> PROBLEM DETAILS
Please transcribe the entries that follow exactly as they stand, skipping each picture.

☆ ☆ ☆ ☆

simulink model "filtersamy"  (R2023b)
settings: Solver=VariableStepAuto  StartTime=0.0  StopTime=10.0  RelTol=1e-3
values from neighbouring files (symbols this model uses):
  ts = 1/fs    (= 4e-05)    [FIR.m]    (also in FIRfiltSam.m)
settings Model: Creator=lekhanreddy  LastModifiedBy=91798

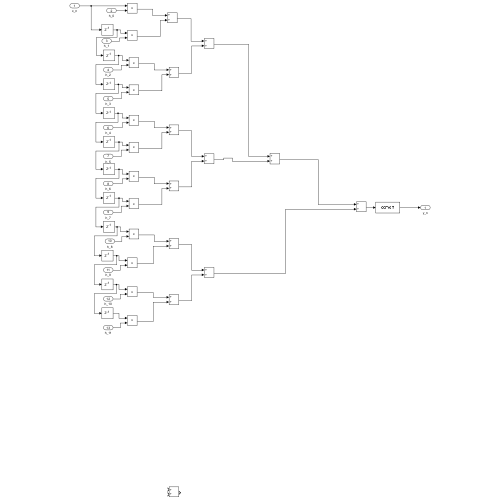
[thumbnail: Simulink's stored preview of the top-level diagram]
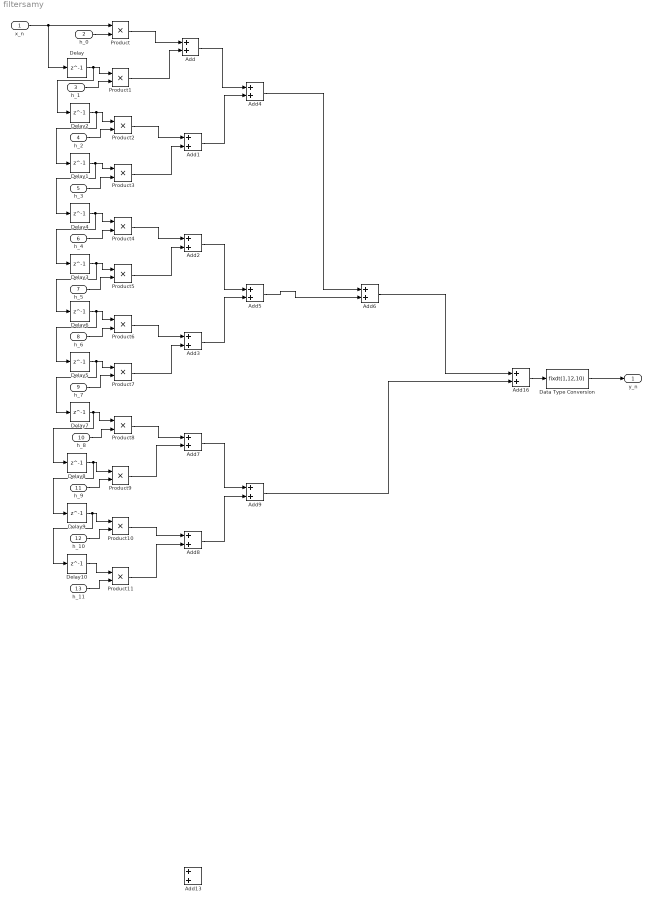
== system filtersamy ==
  x_n : Inport  OutDataTypeStr=fixdt(1,8,6)  SampleTime=ts
  h_0 : Inport  Port=2  OutDataTypeStr=fixdt(1,8,6)
  h_1 : Inport  Port=3  OutDataTypeStr=fixdt(1,8,6)
  h_2 : Inport  Port=4  OutDataTypeStr=fixdt(1,8,6)
  h_3 : Inport  Port=5  OutDataTypeStr=fixdt(1,8,6)
  h_4 : Inport  Port=6  OutDataTypeStr=fixdt(1,8,6)
  h_5 : Inport  Port=7  OutDataTypeStr=fixdt(1,8,6)
  h_6 : Inport  Port=8  OutDataTypeStr=fixdt(1,8,6)
  h_7 : Inport  Port=9  OutDataTypeStr=fixdt(1,8,6)
  h_8 : Inport  Port=10  OutDataTypeStr=fixdt(1,8,6)
  h_9 : Inport  Port=11  OutDataTypeStr=fixdt(1,8,6)
  h_10 : Inport  Port=12  OutDataTypeStr=fixdt(1,8,6)  SampleTime=ts
  h_11 : Inport  Port=13  OutDataTypeStr=fixdt(1,8,6)  SampleTime=ts
  Add{,1..9,13,16} (12 alike) : Sum
  Data Type Conversion : DataTypeConversion  OutDataTypeStr=fixdt(1,12,10)  SaturateOnIntegerOverflow=off  RndMeth=Floor
  Delay{,1..10} (11 alike) : Delay  DelayLength=1  InitialCondition=0
  Product{,1..11} (12 alike) : Product
  y_n : Outport  VectorParamsAs1DForOutWhenUnconnected=off
  wires:
  h_0/1 -> Product/2
  Product5/1 -> Add2/2
  h_3/1 -> Product3/2
  Product/1 -> Add/1
  Delay5/1 -> Delay7/1, Product7/1
  Product3/1 -> Add1/2
  h_5/1 -> Product5/2
  h_1/1 -> Product1/2
  Delay1/1 -> Delay4/1, Product3/1
  Product4/1 -> Add2/1
  Delay3/1 -> Delay6/1, Product5/1
  h_7/1 -> Product7/2
  Delay6/1 -> Delay5/1, Product6/1
  Add5/1 -> Add6/2
  Product2/1 -> Add1/1
  Product7/1 -> Add3/2
  Product6/1 -> Add3/1
  Delay2/1 -> Delay1/1, Product2/1
  h_6/1 -> Product6/2
  h_2/1 -> Product2/2
  Delay4/1 -> Delay3/1, Product4/1
  Product1/1 -> Add/2
  Add/1 -> Add4/1
  h_4/1 -> Product4/2
  Add1/1 -> Add4/2
  x_n/1 -> Delay/1, Product/1
  Add2/1 -> Add5/1
  Add3/1 -> Add5/2
  Add4/1 -> Add6/1
  Data Type Conversion/1 -> y_n/1
  Delay/1 -> Product1/1, Delay2/1
  h_8/1 -> Product8/2
  h_9/1 -> Product9/2
  Delay7/1 -> Delay8/1, Product8/1
  h_10/1 -> Product10/2
  Delay8/1 -> Delay9/1, Product9/1
  h_11/1 -> Product11/2
  Delay9/1 -> Delay10/1, Product10/1
  Delay10/1 -> Product11/1
  Product11/1 -> Add8/2
  Product9/1 -> Add7/2
  Add8/1 -> Add9/2
  Add7/1 -> Add9/1
  Product8/1 -> Add7/1
  Product10/1 -> Add8/1
  Add6/1 -> Add16/1
  Add16/1 -> Data Type Conversion/1
  Add9/1 -> Add16/2

☆ ☆ ☆ ☆

> OUTPUT
simulink model "filtersamy"  (R2023b)
settings: Solver=VariableStepAuto  StartTime=0.0  StopTime=10.0  RelTol=1e-3
values from neighbouring files (symbols this model uses):
  ts = 1/fs    (= 4e-05)    [FIR.m]    (also in FIRfiltSam.m)
settings Model: Creator=lekhanreddy  LastModifiedBy=91798

[thumbnail: Simulink's stored preview of the top-level diagram]
== system filtersamy ==
  x_n : Inport  OutDataTypeStr=fixdt(1,8,6)  SampleTime=ts
  h_0 : Inport  Port=2  OutDataTypeStr=fixdt(1,8,6)
  h_1 : Inport  Port=3  OutDataTypeStr=fixdt(1,8,6)
  h_2 : Inport  Port=4  OutDataTypeStr=fixdt(1,8,6)
  h_3 : Inport  Port=5  OutDataTypeStr=fixdt(1,8,6)
  h_4 : Inport  Port=6  OutDataTypeStr=fixdt(1,8,6)
  h_5 : Inport  Port=7  OutDataTypeStr=fixdt(1,8,6)
  h_6 : Inport  Port=8  OutDataTypeStr=fixdt(1,8,6)
  h_7 : Inport  Port=9  OutDataTypeStr=fixdt(1,8,6)
  h_8 : Inport  Port=10  OutDataTypeStr=fixdt(1,8,6)
  h_9 : Inport  Port=11  OutDataTypeStr=fixdt(1,8,6)
  h_10 : Inport  Port=12  OutDataTypeStr=fixdt(1,8,6)  SampleTime=ts
  h_11 : Inport  Port=13  OutDataTypeStr=fixdt(1,8,6)  SampleTime=ts
  Add{,1..9,13,16} (12 alike) : Sum
  Data Type Conversion : DataTypeConversion  OutDataTypeStr=fixdt(1,12,10)  SaturateOnIntegerOverflow=off  RndMeth=Floor
  Delay{,1..10} (11 alike) : Delay  DelayLength=1  InitialCondition=0
  Product{,1..11} (12 alike) : Product
  y_n : Outport  VectorParamsAs1DForOutWhenUnconnected=off
  wires:
  h_0/1 -> Product/2
  Product5/1 -> Add2/2
  h_3/1 -> Product3/2
  Product/1 -> Add/1
  Delay5/1 -> Delay7/1, Product7/1
  Product3/1 -> Add1/2
  h_5/1 -> Product5/2
  h_1/1 -> Product1/2
  Delay1/1 -> Delay4/1, Product3/1
  Product4/1 -> Add2/1
  Delay3/1 -> Delay6/1, Product5/1
  h_7/1 -> Product7/2
  Delay6/1 -> Delay5/1, Product6/1
  Add5/1 -> Add6/2
  Product2/1 -> Add1/1
  Product7/1 -> Add3/2
  Product6/1 -> Add3/1
  Delay2/1 -> Delay1/1, Product2/1
  h_6/1 -> Product6/2
  h_2/1 -> Product2/2
  Delay4/1 -> Delay3/1, Product4/1
  Product1/1 -> Add/2
  Add/1 -> Add4/1
  h_4/1 -> Product4/2
  Add1/1 -> Add4/2
  x_n/1 -> Delay/1, Product/1
  Add2/1 -> Add5/1
  Add3/1 -> Add5/2
  Add4/1 -> Add6/1
  Data Type Conversion/1 -> y_n/1
  Delay/1 -> Product1/1, Delay2/1
  h_8/1 -> Product8/2
  h_9/1 -> Product9/2
  Delay7/1 -> Delay8/1, Product8/1
  h_10/1 -> Product10/2
  Delay8/1 -> Delay9/1, Product9/1
  h_11/1 -> Product11/2
  Delay9/1 -> Delay10/1, Product10/1
  Delay10/1 -> Product11/1
  Product11/1 -> Add8/2
  Product9/1 -> Add7/2
  Add8/1 -> Add9/2
  Add7/1 -> Add9/1
  Product8/1 -> Add7/1
  Product10/1 -> Add8/1
  Add6/1 -> Add16/1
  Add16/1 -> Data Type Conversion/1
  Add9/1 -> Add16/2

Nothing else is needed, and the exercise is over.